**What you have to do**.
Only one stretch of the data below is wanted: the lines starting at the one with "BOSS_EXTRUDE6_DEPTH = 7.6" and ending at the one with "Rectangle(SKETCH1_W, SKETCH1_H_4)", both included, given again exactly.

**Provided material**.
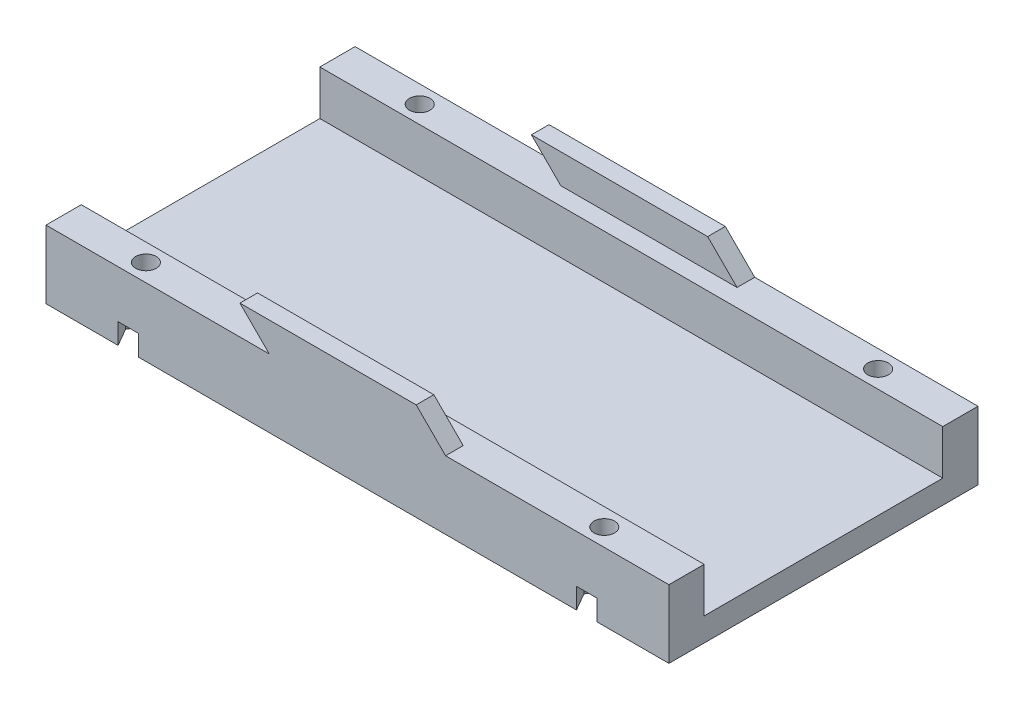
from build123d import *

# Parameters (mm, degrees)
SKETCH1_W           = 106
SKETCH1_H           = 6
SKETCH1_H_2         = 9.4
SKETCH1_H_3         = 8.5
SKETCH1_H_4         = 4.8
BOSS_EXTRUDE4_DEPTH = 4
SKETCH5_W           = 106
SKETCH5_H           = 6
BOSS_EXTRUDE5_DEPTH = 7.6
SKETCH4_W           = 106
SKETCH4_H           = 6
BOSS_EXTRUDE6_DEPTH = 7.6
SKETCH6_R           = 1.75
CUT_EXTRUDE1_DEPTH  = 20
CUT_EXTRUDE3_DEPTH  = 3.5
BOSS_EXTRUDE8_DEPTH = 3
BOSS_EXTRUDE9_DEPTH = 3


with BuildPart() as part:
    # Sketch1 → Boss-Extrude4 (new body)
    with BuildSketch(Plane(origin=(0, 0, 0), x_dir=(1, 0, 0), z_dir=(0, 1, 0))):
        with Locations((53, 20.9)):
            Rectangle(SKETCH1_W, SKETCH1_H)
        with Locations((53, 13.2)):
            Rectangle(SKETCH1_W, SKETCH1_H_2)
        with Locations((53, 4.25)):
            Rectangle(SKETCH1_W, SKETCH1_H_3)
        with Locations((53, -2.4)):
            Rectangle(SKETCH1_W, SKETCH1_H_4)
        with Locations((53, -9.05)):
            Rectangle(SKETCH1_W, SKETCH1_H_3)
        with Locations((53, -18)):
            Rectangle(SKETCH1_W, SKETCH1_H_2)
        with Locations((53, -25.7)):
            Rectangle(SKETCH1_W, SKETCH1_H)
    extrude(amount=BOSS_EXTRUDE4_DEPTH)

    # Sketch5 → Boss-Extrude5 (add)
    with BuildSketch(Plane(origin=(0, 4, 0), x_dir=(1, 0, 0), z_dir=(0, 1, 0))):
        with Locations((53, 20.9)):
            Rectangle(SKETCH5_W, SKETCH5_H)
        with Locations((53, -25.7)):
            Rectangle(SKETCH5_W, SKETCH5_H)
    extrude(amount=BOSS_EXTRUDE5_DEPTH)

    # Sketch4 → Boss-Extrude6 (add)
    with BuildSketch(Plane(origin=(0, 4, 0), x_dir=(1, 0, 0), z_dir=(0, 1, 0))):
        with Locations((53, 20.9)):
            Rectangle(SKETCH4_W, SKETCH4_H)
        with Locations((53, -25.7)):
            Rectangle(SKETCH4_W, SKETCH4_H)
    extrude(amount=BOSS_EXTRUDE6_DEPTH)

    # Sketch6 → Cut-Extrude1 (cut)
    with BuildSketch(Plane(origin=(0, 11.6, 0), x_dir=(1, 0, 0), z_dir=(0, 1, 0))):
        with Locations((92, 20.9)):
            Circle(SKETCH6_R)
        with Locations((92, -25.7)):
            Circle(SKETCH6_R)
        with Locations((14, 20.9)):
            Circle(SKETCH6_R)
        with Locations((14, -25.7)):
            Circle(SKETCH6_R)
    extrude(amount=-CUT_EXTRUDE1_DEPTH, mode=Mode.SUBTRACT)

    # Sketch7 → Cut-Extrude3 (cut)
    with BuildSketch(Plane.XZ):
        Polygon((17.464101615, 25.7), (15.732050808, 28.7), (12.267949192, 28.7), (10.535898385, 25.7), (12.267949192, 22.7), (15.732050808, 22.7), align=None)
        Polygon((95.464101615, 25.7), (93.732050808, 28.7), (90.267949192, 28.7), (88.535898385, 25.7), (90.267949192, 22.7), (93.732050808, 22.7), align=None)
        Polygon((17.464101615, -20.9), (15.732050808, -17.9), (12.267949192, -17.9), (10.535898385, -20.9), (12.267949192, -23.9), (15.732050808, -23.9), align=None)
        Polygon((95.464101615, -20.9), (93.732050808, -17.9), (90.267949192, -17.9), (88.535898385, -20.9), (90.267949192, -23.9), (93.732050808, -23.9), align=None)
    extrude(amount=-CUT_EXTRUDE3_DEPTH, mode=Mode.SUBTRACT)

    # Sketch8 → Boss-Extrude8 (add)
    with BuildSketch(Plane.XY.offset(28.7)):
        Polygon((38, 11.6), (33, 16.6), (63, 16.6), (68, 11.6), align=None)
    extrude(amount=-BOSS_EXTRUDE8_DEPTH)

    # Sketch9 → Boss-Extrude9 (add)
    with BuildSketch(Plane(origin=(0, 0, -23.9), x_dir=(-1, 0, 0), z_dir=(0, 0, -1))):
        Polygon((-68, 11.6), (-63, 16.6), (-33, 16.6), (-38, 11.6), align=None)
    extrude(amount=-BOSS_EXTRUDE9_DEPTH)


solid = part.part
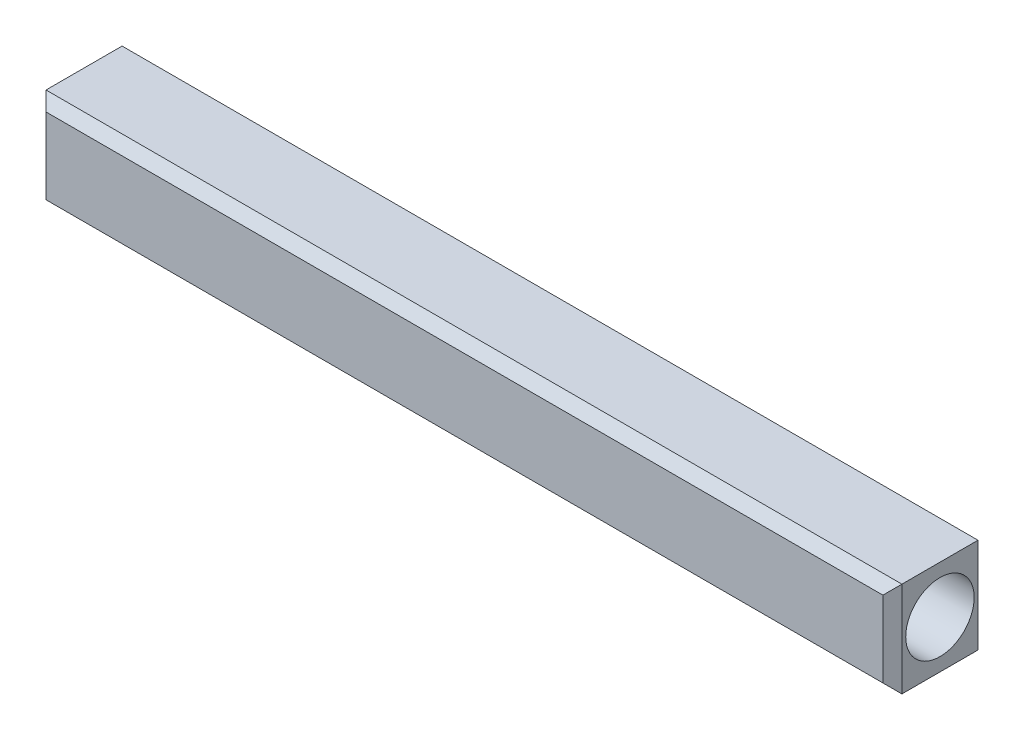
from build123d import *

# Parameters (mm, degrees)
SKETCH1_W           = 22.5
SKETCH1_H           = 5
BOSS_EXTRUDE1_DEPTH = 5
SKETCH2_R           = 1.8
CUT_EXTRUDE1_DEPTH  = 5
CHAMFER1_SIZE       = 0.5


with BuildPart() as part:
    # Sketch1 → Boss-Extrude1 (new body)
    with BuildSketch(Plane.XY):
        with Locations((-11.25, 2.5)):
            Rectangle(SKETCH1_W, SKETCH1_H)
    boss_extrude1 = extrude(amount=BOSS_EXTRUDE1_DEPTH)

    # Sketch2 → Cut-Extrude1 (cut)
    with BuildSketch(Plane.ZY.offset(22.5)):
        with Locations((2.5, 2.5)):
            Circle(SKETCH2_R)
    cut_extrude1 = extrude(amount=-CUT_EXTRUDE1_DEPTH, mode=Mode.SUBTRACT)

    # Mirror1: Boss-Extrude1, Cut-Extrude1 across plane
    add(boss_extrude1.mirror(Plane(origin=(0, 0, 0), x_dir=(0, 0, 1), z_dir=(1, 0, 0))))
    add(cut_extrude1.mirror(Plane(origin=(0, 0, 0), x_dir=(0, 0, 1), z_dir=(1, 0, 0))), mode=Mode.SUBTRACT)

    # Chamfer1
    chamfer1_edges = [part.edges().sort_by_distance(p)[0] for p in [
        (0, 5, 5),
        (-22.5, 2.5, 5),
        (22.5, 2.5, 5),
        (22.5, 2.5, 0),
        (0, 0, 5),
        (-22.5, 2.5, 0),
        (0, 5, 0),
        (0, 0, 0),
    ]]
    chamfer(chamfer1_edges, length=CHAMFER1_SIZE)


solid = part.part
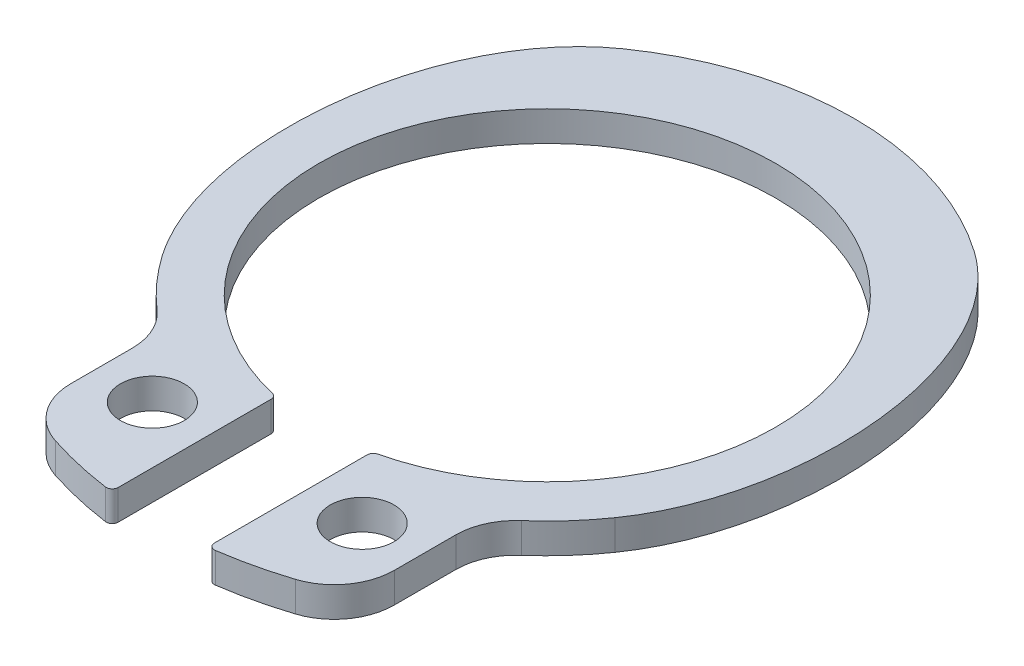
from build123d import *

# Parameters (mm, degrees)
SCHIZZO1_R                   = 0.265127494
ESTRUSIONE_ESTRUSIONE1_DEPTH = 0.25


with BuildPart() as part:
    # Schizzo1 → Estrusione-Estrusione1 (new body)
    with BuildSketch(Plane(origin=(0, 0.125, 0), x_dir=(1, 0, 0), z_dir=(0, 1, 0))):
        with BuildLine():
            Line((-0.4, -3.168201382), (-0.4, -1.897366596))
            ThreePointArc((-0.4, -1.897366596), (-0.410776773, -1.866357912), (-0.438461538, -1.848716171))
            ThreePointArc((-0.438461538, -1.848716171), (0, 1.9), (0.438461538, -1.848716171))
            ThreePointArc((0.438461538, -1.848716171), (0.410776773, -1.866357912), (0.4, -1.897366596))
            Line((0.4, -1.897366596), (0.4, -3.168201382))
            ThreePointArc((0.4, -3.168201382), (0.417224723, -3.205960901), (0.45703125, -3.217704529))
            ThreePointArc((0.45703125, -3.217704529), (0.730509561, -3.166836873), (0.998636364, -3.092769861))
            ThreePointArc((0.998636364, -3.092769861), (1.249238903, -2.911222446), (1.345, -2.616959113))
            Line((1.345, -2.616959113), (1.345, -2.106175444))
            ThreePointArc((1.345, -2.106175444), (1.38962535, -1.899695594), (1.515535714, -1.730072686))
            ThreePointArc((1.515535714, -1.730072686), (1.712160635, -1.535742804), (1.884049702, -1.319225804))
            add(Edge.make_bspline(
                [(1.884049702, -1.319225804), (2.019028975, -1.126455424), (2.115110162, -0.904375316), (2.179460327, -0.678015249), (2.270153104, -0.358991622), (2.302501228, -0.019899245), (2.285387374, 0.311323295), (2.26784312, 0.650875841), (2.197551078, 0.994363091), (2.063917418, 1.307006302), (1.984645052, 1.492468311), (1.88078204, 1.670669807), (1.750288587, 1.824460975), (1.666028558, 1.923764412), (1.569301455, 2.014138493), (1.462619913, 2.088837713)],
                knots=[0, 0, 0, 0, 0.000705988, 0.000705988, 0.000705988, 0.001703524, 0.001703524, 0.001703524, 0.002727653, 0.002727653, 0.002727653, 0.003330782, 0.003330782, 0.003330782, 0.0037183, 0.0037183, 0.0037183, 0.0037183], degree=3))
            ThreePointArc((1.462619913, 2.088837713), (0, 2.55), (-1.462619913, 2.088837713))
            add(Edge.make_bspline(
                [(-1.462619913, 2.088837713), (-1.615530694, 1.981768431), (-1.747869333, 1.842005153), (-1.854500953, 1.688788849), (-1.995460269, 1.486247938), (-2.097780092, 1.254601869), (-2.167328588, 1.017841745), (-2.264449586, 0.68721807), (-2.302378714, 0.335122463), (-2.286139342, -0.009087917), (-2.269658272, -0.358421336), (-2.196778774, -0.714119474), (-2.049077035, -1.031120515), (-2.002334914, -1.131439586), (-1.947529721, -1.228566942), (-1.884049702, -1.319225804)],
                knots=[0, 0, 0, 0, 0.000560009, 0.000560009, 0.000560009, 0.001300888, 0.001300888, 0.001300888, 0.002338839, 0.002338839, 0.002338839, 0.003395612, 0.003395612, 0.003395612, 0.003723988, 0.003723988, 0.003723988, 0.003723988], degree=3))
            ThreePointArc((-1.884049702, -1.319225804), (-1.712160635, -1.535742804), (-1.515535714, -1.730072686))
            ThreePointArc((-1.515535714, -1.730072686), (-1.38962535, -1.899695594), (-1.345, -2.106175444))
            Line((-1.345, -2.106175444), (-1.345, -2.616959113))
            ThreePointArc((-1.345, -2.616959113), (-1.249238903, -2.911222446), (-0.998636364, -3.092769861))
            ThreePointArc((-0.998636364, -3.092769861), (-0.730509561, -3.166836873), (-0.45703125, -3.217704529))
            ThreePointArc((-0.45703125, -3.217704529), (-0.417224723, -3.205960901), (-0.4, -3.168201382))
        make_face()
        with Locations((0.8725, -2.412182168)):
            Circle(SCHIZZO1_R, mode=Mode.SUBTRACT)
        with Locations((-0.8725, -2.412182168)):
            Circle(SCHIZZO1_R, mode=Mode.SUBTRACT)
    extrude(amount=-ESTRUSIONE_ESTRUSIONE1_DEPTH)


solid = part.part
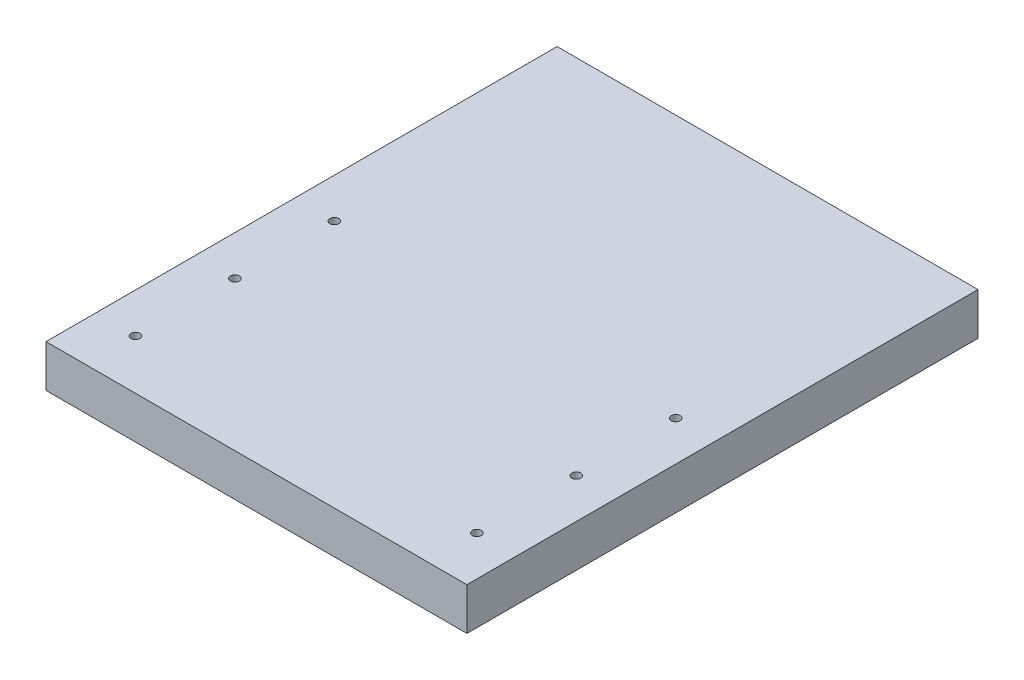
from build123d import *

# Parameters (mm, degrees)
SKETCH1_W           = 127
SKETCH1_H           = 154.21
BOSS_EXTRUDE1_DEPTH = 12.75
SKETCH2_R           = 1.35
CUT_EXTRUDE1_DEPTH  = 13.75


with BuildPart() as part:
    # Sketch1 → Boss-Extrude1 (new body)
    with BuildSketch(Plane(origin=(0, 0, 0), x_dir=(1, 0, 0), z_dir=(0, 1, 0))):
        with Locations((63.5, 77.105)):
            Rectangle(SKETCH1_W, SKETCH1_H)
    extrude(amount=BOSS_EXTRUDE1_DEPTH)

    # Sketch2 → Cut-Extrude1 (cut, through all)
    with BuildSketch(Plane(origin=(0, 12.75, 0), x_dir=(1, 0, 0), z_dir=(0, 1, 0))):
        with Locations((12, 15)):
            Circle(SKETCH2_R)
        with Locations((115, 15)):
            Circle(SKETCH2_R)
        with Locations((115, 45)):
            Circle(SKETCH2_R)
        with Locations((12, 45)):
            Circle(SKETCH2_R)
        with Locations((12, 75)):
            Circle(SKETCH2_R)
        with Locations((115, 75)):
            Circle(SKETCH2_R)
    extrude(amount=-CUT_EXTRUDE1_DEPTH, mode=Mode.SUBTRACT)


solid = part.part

**Output of the exercise**.
BOSS_EXTRUDE6_DEPTH = 7.6
SKETCH6_R           = 1.75
CUT_EXTRUDE1_DEPTH  = 20
CUT_EXTRUDE3_DEPTH  = 3.5
BOSS_EXTRUDE8_DEPTH = 3
BOSS_EXTRUDE9_DEPTH = 3


with BuildPart() as part:
    # Sketch1 → Boss-Extrude4 (new body)
    with BuildSketch(Plane(origin=(0, 0, 0), x_dir=(1, 0, 0), z_dir=(0, 1, 0))):
        with Locations((53, 20.9)):
            Rectangle(SKETCH1_W, SKETCH1_H)
        with Locations((53, 13.2)):
            Rectangle(SKETCH1_W, SKETCH1_H_2)
        with Locations((53, 4.25)):
            Rectangle(SKETCH1_W, SKETCH1_H_3)
        with Locations((53, -2.4)):
            Rectangle(SKETCH1_W, SKETCH1_H_4)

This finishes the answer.